Pirates of the Caribbean: At World's End

Pirates of the Caribbean: At World's End (Cert. 12A, 168 min)
Starring: Johnny Depp, Orlando Bloom, Keira Knightley, Geoffrey Rush, Chow Yun-Fat
Director: Gore Verbinski

IN THE same week that the Cutty Sark went up in flames, we now bear witness to another maritime disaster.

Pirates Of The Caribbean: At World’s End is not a complete shipwreck but it sails perilously close, capsizing in the first hour under the weight of audience expectation.

Rumbustious action set-pieces, augmented with spectacular computer-generated effects, bookend this third instalment of the series, and cute comic interludes buoy the downbeat mood.

However, there’s no mistaking warning flares sent up by Johnny Depp, who looks interminably bored with his character, salty seadog Jack Sparrow.

He barely musters the energy to deliver a performance.
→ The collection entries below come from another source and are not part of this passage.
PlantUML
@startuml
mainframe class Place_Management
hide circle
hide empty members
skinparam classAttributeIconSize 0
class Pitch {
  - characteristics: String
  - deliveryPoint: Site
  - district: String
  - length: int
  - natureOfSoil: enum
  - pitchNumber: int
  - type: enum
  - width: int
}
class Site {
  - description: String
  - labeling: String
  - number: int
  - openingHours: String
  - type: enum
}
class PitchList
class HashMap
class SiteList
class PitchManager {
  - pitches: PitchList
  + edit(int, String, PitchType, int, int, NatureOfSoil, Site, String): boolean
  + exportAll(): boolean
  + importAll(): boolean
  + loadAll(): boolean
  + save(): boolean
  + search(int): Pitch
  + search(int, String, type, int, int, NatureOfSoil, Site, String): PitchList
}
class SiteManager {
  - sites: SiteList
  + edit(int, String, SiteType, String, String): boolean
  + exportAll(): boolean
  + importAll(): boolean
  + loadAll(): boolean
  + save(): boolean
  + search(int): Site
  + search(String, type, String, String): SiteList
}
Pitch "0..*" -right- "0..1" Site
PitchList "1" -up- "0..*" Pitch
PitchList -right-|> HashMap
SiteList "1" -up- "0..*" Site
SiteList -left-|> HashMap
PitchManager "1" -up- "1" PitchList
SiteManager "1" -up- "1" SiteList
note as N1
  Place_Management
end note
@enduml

If you haven’t seen the first two films, there’s very little point seeing At World’s End.

Screenwriters Ted Elliott and Terry Rossio presume audiences are savvy with the characters and their fates, chugging full steam ahead with the quest to rescue Jack from Davy Jones’s locker.

Falling foul of a pact forged with the multi-tentacled Davy Jones (Bill Nighy), Jack finds himself consigned to purgatory.

Thankfully, lovebirds Will Turner (Orlando Bloom) and Elizabeth Swann (Keira Knightley, left) have joined forces with Captain Barbossa (Geoffrey Rush) to rescue Jack from walking the plank to eternal damnation.

They head to Singapore to meet with Chinese pirate Sao Feng (Chow Yun-Fat), in the hope of creating an alliance against the despicable East India Trading Company, which now controls Davy and his vessel, The Flying Dutchman.

The overblown action sequences are thrilling as expected, and Jack’s hare-brained scheme to escape The Land Of The Dead definitely shivers the timbers, as does Keith Richards’s delicious appearance as Sparrow Snr, strumming a guitar and dispensing cryptic advice to his wastrel son.

Knightley is thrust to the fore in this third film, usurping both Bloom and Depp and flings herself into the melee with impressive sword fights. Bloom postures and pouts with fervour, while Depp press-gangs the few decent one-liners.

Supporting performances are drowned out by Hans Zimmer’s bombastic orchestral score.

The romance between Elizabeth and Will is soaked through with sappiness, resolved in the midst of the titanic final battle in a manner that will have even the most ardent fan screaming “Plausibility overboard!”

In truth, Gore Verbinski’s film can weather an entire armada of critical drubbing: Dead Man’s Chest became only the third film in history to gross in excess of $1bn worldwide.

Audiences adore Depp’s swaggering anti-hero and the cliffhanger finish of the second film will attract cinemagoers in their droves, quite possibly shattering box office records.

Unfortunately, once the initial storm of excitement and anticipation blows itself out, At World’s End will be dead in the water.